You think, What if I could pull something in the thousands?

So you pull another ball and you get a ‘2’. Now clearly you’ve made a bad decision. You can hardly be blamed, however, because you didn’t have much information to start with.

In this line of thinking, you’re exploring the environment and making inferences about it (learning). This will allow you to, in the next run, decide when to play it safe and decide when to go for more.

That was exploration of the environment. Now, here’s a look at exploitation of an environment.

Let me give you another example: for most of your life, you learned to love Italian cuisine. You just really enjoy it, you know already that it’s a 10/10 for you. And then, even when Italian dishes are available to you, you might decide to go for something new. Depending on how adventurous you feel, you might decide to go with a variation of an Italian dish. Or maybe you change completely and go for something like Korean cuisine. Who knows? Maybe you’ll even like it more than you did with Italian, but you won’t know until you try.

This kind of boredom for things, even when we love them, is our brain striving to explore new options, learn about the world and find choices that might be even better than the ones that we have already. It’s the brain thinking that now you’ve got a 10, but next one might be a 15. And this changes from person to person: some people really like to play it safe with their choices, some others are really out there for trying all sorts of new things.

As we’ve seen before, exploring (trying new choices) helps you learn more about the world, and be more informed about what to choose next. But you cannot make two choices at the same time, so when you’re exploring, you’re not getting the options that you know are good (they might be wrong choices!)

On the other hand, picking the choices that you know are good already, or “playing it safe” is called exploitation. This is: you’re making use of your knowledge gained by your previous experiences.

Neither exploration nor exploitation is better than the other. There’s a balance that has to be met and there’s no one-size-fits-all way to find that balance.

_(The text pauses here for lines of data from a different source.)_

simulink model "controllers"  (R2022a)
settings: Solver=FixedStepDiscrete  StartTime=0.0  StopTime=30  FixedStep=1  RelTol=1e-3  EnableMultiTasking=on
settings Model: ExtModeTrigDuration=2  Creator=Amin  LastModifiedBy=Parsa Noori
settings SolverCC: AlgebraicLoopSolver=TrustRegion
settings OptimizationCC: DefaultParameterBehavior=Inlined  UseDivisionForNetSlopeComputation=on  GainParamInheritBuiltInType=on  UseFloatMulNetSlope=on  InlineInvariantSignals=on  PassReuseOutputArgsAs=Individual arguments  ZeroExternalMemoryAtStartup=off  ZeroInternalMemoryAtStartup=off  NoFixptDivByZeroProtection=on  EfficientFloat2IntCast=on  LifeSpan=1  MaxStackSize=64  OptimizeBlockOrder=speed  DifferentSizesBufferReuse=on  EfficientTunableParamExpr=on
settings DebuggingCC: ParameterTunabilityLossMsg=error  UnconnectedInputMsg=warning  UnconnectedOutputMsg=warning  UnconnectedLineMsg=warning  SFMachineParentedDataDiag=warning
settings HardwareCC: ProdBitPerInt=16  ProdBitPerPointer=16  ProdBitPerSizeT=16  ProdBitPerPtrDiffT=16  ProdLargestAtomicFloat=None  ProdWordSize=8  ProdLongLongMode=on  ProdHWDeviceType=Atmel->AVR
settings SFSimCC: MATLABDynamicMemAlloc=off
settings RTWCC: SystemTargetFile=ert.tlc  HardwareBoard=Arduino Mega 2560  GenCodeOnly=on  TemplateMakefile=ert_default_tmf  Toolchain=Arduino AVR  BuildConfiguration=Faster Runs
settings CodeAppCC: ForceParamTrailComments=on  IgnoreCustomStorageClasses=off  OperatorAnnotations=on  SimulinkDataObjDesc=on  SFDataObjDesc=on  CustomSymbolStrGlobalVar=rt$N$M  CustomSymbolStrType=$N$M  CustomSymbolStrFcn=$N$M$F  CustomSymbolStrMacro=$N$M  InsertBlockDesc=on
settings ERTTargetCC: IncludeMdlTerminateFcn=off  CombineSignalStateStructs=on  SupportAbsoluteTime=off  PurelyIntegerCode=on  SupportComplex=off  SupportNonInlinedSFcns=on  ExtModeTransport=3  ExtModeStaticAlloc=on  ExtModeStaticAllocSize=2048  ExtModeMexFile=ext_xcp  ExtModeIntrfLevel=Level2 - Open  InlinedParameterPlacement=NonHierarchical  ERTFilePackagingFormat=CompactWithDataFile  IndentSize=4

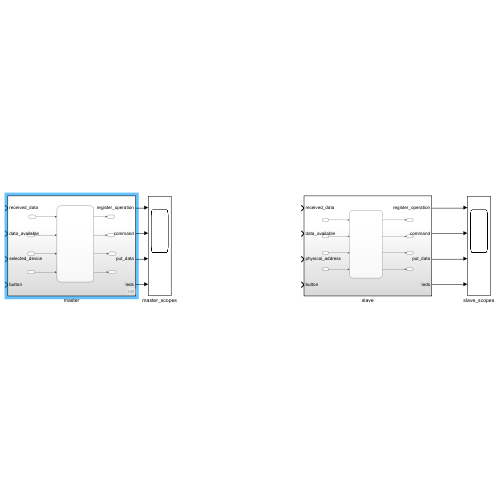
[thumbnail: Simulink's stored preview of the top-level diagram]
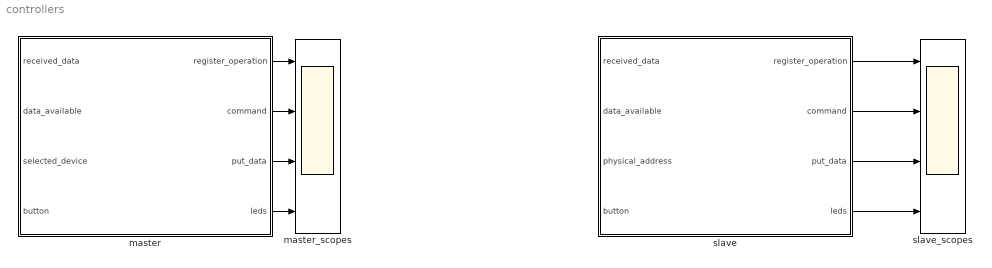
== system controllers ==
  master : Subsystem
  master_scopes : Scope  NumInputPorts=4
  slave : Subsystem
  slave_scopes : Scope  NumInputPorts=4
  wires:
  master/1(register_operation) -> master_scopes/1
  master/2(command) -> master_scopes/2
  master/3(put_data) -> master_scopes/3
  master/4(leds) -> master_scopes/4
  slave/1(register_operation) -> slave_scopes/1
  slave/2(command) -> slave_scopes/2
  slave/3(put_data) -> slave_scopes/3
  slave/4(leds) -> slave_scopes/4

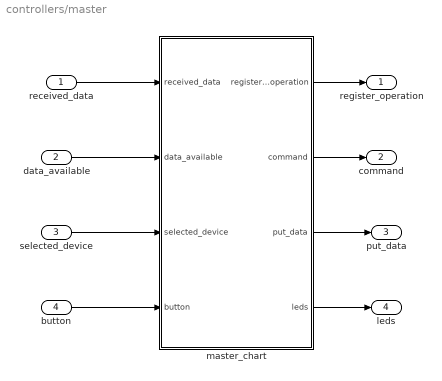
== system controllers/master ==
  received_data : Inport
  data_available : Inport  Port=2
  selected_device : Inport  Port=3
  button : Inport  Port=4
  master_chart : Stateflow chart  TreatAsAtomicUnit=on
      settings: PortSchema="{\"entries\":[{\"content\":{\"sides\":[{\"content\":{\"connectorIds\":[\"In1\",\"In2\",\"In3\",\"In4\"]},\"type\":\"ConnectorPlacement.EquallySpacedRectSide\",\"uuid\":\"138602be-6c58-4e8c-ba48-a14eddddc67c\"},{\"content\":{\"connectorIds\":[\"Out2\",\"Out1\",\"Out3\",\"Out4\"],\"side\":\"RIGHT\"},\"type\":\"ConnectorPlacement.EquallySpacedRectSide\",\"uuid\":\"5ecf324f-f194-43dd-983a-d068392304a8\"},{\"content\":{\"connectorIds\":[],\"side\":\"TOP\"},\"type\":\"ConnectorPlacement.EquallySpacedRectSide\",\"uuid\":\"4d10d79f-a1db-44f1-98c5-6d0be9e5b6d6\"}]},\"type\":\"ConnectorPlacement.EquallySpacedConnector\",\"uuid\":\"447fba48-e554-4a4b-a9f0-a545df5fe3d2\"}],\"packageUris\":[\"http://schema.mathworks.com/mf0/Connector/R2020b\"],\"version\":\"1.0\"}"
  register_operation : Outport
  command : Outport  Port=2
  put_data : Outport  Port=3  OutDataTypeStr=uint8
  leds : Outport  Port=4
  wires:
  received_data/1 -> master_chart/1(received_data)
  master_chart/1(command) -> command/1
  data_available/1 -> master_chart/2(data_available)
  master_chart/2(register_operation) -> register_operation/1
  master_chart/3(put_data) -> put_data/1
  selected_device/1 -> master_chart/3(selected_device)
  button/1 -> master_chart/4(button)
  master_chart/4(leds) -> leds/1

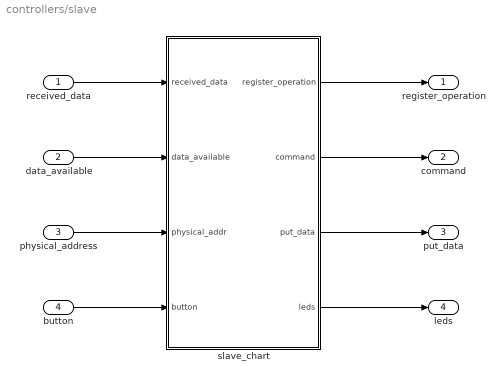
== system controllers/slave ==
  received_data : Inport
  data_available : Inport  Port=2
  physical_address : Inport  Port=3
  button : Inport  Port=4
  slave_chart : Stateflow chart  TreatAsAtomicUnit=on
      settings: PortSchema="{\"entries\":[{\"content\":{\"sides\":[{\"content\":{\"connectorIds\":[\"In1\",\"In2\",\"In3\",\"In4\"]},\"type\":\"ConnectorPlacement.EquallySpacedRectSide\",\"uuid\":\"138602be-6c58-4e8c-ba48-a14eddddc67c\"},{\"content\":{\"connectorIds\":[\"Out2\",\"Out1\",\"Out3\",\"Out4\"],\"side\":\"RIGHT\"},\"type\":\"ConnectorPlacement.EquallySpacedRectSide\",\"uuid\":\"5ecf324f-f194-43dd-983a-d068392304a8\"},{\"content\":{\"connectorIds\":[],\"side\":\"TOP\"},\"type\":\"ConnectorPlacement.EquallySpacedRectSide\",\"uuid\":\"4d10d79f-a1db-44f1-98c5-6d0be9e5b6d6\"}]},\"type\":\"ConnectorPlacement.EquallySpacedConnector\",\"uuid\":\"447fba48-e554-4a4b-a9f0-a545df5fe3d2\"}],\"packageUris\":[\"http://schema.mathworks.com/mf0/Connector/R2020b\"],\"version\":\"1.0\"}"
  register_operation : Outport
  command : Outport  Port=2
  put_data : Outport  Port=3  OutDataTypeStr=uint8
  leds : Outport  Port=4  OutDataTypeStr=uint8
  wires:
  received_data/1 -> slave_chart/1(received_data)
  slave_chart/1(command) -> command/1
  data_available/1 -> slave_chart/2(data_available)
  slave_chart/2(register_operation) -> register_operation/1
  slave_chart/3(put_data) -> put_data/1
  physical_address/1 -> slave_chart/3(physical_addr)
  slave_chart/4(leds) -> leds/1
  button/1 -> slave_chart/4(button)

== stateflow chart controllers/slave/slave_chart ==
  settings: updateMethod=DISCRETE  sampleTime=1
  state update_leds
  state wait_bus_idle
    during:
    idle_clocks = idle_clocks + 1;
  state bus_idle
    during:
    button_old = button
  state startup
  state wait_for_master
  state read_register_address
  state put_data
  state read_data
  state process_data
    entry:
    during:
    exit:
  state output  = combine_bits(bits) [function]
    (default) -> (junction 351)
    (junction 351) -> (junction 352) : {i = 0; output = 0}
    (junction 352) -> (junction 356) [order 1] : [i < sizeof(bits)]
    (junction 344) -> (junction 352) : {i = i + 1;}
    (junction 356) -> (junction 344) : {output |= bits[i] << i;}
    (junction 352) -> (junction 346) [order 2]
  state result  = button_pressed(old_state, current_state) [function]
    (default) -> (junction 336)
    (junction 336) -> (junction 334) : {result = 0}
    (junction 334) -> (junction 333) [order 1] : [result < sizeof(old_state)]
    (junction 333) -> (junction 334) [order 2] : {result = result + 1}
    (junction 333) -> (junction 331) [order 1] : [old_state[result] == 0 && current_state[result] == 1]
    (junction 334) -> (junction 331) [order 2]
  state results  = extract_bits(data) [function]
    (default) -> (junction 363)
    (junction 363) -> (junction 365) : {i = 0;}
    (junction 365) -> (junction 368) [order 1] : [i < sizeof(results)]
    (junction 366) -> (junction 365) : {i = i + 1;}
    (junction 368) -> (junction 366) : {results[i] = data & 0x1;
        | data = data >> 1;}
    (junction 365) -> (junction 364) [order 2]
  update_leds -> wait_bus_idle [order 3] : [from_wait_bus == true]{register_operation = 1;
      | command = 3;
      | button_old = button
      | idle_clocks = 0;}
  update_leds -> update_leds [order 1] : [button_pressed(button_old, button) != sizeof(button)]
  bus_idle -> wait_bus_idle [order 2] : [data_available == true && received_data != physical_addr]{register_operation = 1;
      | command = 3;
      | button_old = button
      | idle_clocks = 0;}
  wait_bus_idle -> update_leds [order 2] : [button_pressed(button_old, button) != sizeof(button)]{from_wait_bus = true;
      | command = 0;
      |
      | leds = leds ^ (button ^ button_old);
      | button_old = button;
      | }
  update_leds -> bus_idle [order 2] : [from_wait_bus == false]{register_operation = 1;
      | command = 2;}
  bus_idle -> update_leds [order 3] : [button_pressed(button_old, button) != sizeof(button)]{from_wait_bus = false;
      | command = 0;
      |
      | leds = leds ^ (button ^ button_old);
      | button_old = button;}
  wait_bus_idle -> bus_idle [order 1] : [idle_clocks >= 3]{register_operation = 1;
      | command = 2;}
  wait_bus_idle -> wait_bus_idle [order 3] : [data_available == true]{idle_clocks = 0}
  (default) -> startup : []{
      | command = 0;
      | leds = 0;
      | button_old = 0;}
  startup -> bus_idle : [true]{register_operation = 1;
      | command = 2;}
  read_register_address -> wait_for_master : [data_available == true]{
      | command = 0;}
  bus_idle -> read_register_address [order 1] : [data_available == true && received_data == physical_addr]{
      | register_operation = 1;
      | command = 2;}
  wait_for_master -> put_data [order 2] : [received_data == 128]{register_operation = 0;
      | command = 1;
      | put_data = combine_bits(leds)}
  wait_for_master -> read_data [order 1] : [received_data == 0]{
      | register_operation = 1;
      | command = 2;}
  (junction 107) -> bus_idle
  put_data -> (junction 107) : [true]{register_operation = 1;
      | command = 2;}
  read_data -> process_data : [data_available == true]{command = 0;
      |
      | leds =extract_bits(received_data);}
  process_data -> (junction 107) : [true]{register_operation = 1;
      | command = 2;}
  data: bits function_input uint8 size=[1 8]; output function_output uint8; i temporary uint8; old_state function_input uint8 size=[1 8]; current_state function_input uint8 size=[1 8]; result function_output uint8; data function_input uint8; results function_output uint8 size=[1 8]; i temporary uint8; received_data input uint8; command output uint8; data_available input boolean; register_operation output uint8; put_data output uint8; idle_clocks local uint8; physical_addr input uint8; button_old local uint8 size=[1 8]; leds output uint8 size=[1 8]; button input uint8 size=[1 8]; from_wait_bus local boolean

== stateflow chart controllers/master/master_chart ==
  settings: updateMethod=DISCRETE  sampleTime=1
  state bus_idle
  state retrieve_leds
  state update_leds
  state wait_bus_idle
    during:
    idle_clocks = idle_clocks + 1;
  state startup
  state send_physical_address
  state send_register_address
  state read_data
  state process_data
  state put_data
  state output  = combine_bits(bits) [function]
    (default) -> (junction 267)
    (junction 267) -> (junction 269) : {i = 0; output = 0}
    (junction 269) -> (junction 272) [order 1] : [i < sizeof(bits)]
    (junction 270) -> (junction 269) : {i = i + 1;}
    (junction 272) -> (junction 270) : {output |= bits[i] << i;}
    (junction 269) -> (junction 268) [order 2]
  state results  = extract_bits(data) [function]
    (default) -> (junction 258)
    (junction 258) -> (junction 253) : {i = 0;}
    (junction 253) -> (junction 261) [order 1] : [i < sizeof(results)]
    (junction 259) -> (junction 253) : {i = i + 1;}
    (junction 261) -> (junction 259) : {results[i] = data & 0x1;
        | data = data >> 1;}
    (junction 253) -> (junction 260) [order 2]
  state result  = button_pressed(old_state, current_state) [function]
    (default) -> (junction 180)
    (junction 180) -> (junction 173) : {result = 0}
    (junction 173) -> (junction 177) [order 1] : [result < sizeof(old_state)]
    (junction 177) -> (junction 173) [order 2] : {result = result + 1}
    (junction 177) -> (junction 175) [order 1] : [old_state[result] == 0 && current_state[result] == 1]
    (junction 173) -> (junction 175) [order 2]
  bus_idle -> retrieve_leds [order 1] : [retrieve_timeout == 0 | last_selected_device != selected_device]{command = 0;
      | phy_addr = uint8(selected_device);
      | reg_addr = (1 << 7) | 0;}
  wait_bus_idle -> bus_idle : [idle_clocks >= 5]{retrieve_timeout = 50;
      | command = 0;
      | button_old = button;
      | last_selected_device = selected_device;}
  bus_idle -> update_leds [order 2] : [button_pressed(button_old, button) != sizeof(button)]{command = 0;
      | leds = leds ^ (button ^ button_old);
      | button_old = button;
      | phy_addr = uint8(selected_device);
      | reg_addr = 0;}
  bus_idle -> bus_idle [order 3] : [retrieve_timeout > 0]{retrieve_timeout--}
  retrieve_leds -> send_physical_address : [true]{register_operation = 0;
      | command = 1;
      | put_data = uint8(phy_addr);}
  update_leds -> send_physical_address : [true]{register_operation = 0;
      | command = 1;
      | put_data = uint8(phy_addr);}
  (default) -> startup : []{command = 0;
      | phy_addr = uint8(selected_device);
      | reg_addr = 128;
      | leds = 0;
      | button_old = 0;}
  startup -> send_physical_address : [true] {register_operation = 0;
      | command = 1;
      | put_data = uint8(phy_addr);}
  send_physical_address -> send_register_address : [true]{register_operation = 0;
      | command = 1;
      | put_data = reg_addr;}
  process_data -> wait_bus_idle : [true]{command = 0;
      | idle_clocks = 0;}
  send_register_address -> read_data [order 2] : [reg_addr == 128]{register_operation = 1;
      | command = 2;}
  read_data -> process_data : [data_available == true]{command = 0;
      | leds = extract_bits(received_data)
      | }
  send_register_address -> put_data [order 1] : [reg_addr == 0]{register_operation = 0;
      | command = 1;
      | put_data = combine_bits(leds);}
  put_data -> wait_bus_idle : [true]{command = 0;
      | idle_clocks = 0;}
  data: bits function_input uint8 size=[1 8]; output function_output uint8; i temporary uint8; data function_input uint8; results function_output uint8 size=[1 8]; i temporary uint8; old_state function_input uint8 size=[1 8]; current_state function_input uint8 size=[1 8]; result function_output uint8; received_data input uint8; command output uint8; data_available input boolean; register_operation output uint8; put_data output uint8; idle_clocks local uint8; phy_addr local uint8; reg_addr local uint8; selected_device input uint8; leds output uint8 size=[1 8]; retrieve_timeout local uint8; button input uint8 size=[1 8]; button_old local uint8 size=[1 8]; last_selected_device local uint8
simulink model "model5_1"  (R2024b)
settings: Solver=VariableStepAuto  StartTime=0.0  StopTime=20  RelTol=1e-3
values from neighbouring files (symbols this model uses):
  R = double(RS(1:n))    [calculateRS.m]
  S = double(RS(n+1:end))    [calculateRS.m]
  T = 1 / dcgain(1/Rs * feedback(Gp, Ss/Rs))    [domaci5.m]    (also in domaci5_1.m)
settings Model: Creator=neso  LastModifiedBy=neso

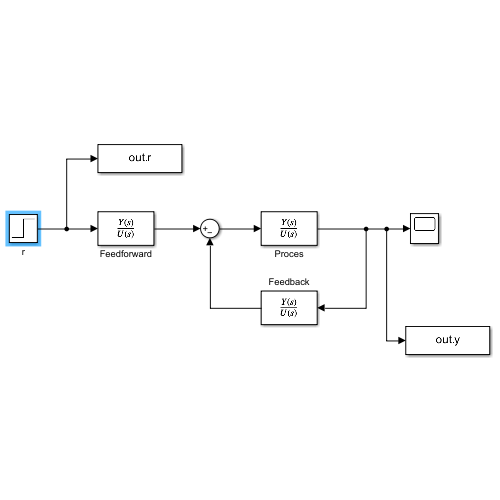
[thumbnail: Simulink's stored preview of the top-level diagram]
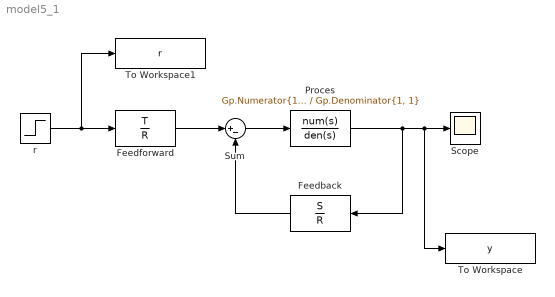
== system model5_1 ==
  Feedback : TransferFcn  Numerator=S  Denominator=R
  Feedforward : TransferFcn  Numerator=T  Denominator=R
  Proces : TransferFcn  Numerator=Gp.Numerator{1, 1}  Denominator=Gp.Denominator{1, 1}
  Scope : Scope
  Sum : Sum  Inputs=|+-
  To Workspace : ToWorkspace  VariableName=y  SaveFormat=Timeseries  SampleTime=-1
  To Workspace1 : ToWorkspace  VariableName=r  SaveFormat=Timeseries  SampleTime=-1
  r : Step  Time=0  After=5  SampleTime=0
  wires:
  Feedforward/1 -> Sum/1
  Sum/1 -> Proces/1
  Feedback/1 -> Sum/2
  r/1 -> To Workspace1/1, Feedforward/1
  Proces/1 -> To Workspace/1, Scope/1, Feedback/1

Recap: there’s risk involved with exploration but the upside is that we get to learn. There’s no risk with exploitation but we don’t learn much by playing it safe.

The Importance of Environment

In the numbered ball task, it was difficult to make an informed decision because you, as the agent, didn’t know how the balls were numbered. There was very little context or environment. You had to just keep on drawing balls until you get a sense of their numbering.

The cuisine example is a little bit easier, because while Italian and Korean cuisine are really different, if you know that you like the garlic-y taste of spaghetti aglio et olio, it’s very likely that you’ll also enjoy some manul changachi, because it’s also garlic-based.

In such an environment, where there’s more clarity, exploration is less crucial.

To put that into a real-world example, if you’re playing blackjack, it’s not smart to ask for another card when you’re already at 20. You know this because you know the rules, you know your cards, and you know the chances of overshooting your goal of 21. There’s a rich environment from which to draw clues and make a good decision based on known rules.

In this type of environment, we’re not really working in the arena of reinforcement learning anymore. It’s not about exploration and exploitation. It’s something more akin to what neural networks use. However, it’s not a black-and-white classification, so there are techniques that mix the approach from both areas, like deep reinforcement Learning.

Takeaways: reinforcement is another kind of search (optimization process). Improving that search makes it easier to find good results.

Now that you’ve grasped the basics of reinforcement learning via our non-technical description, you should feel confident about launching a more in-depth exploration. As you may have guessed, there’s no shortage of internet-based resources for this.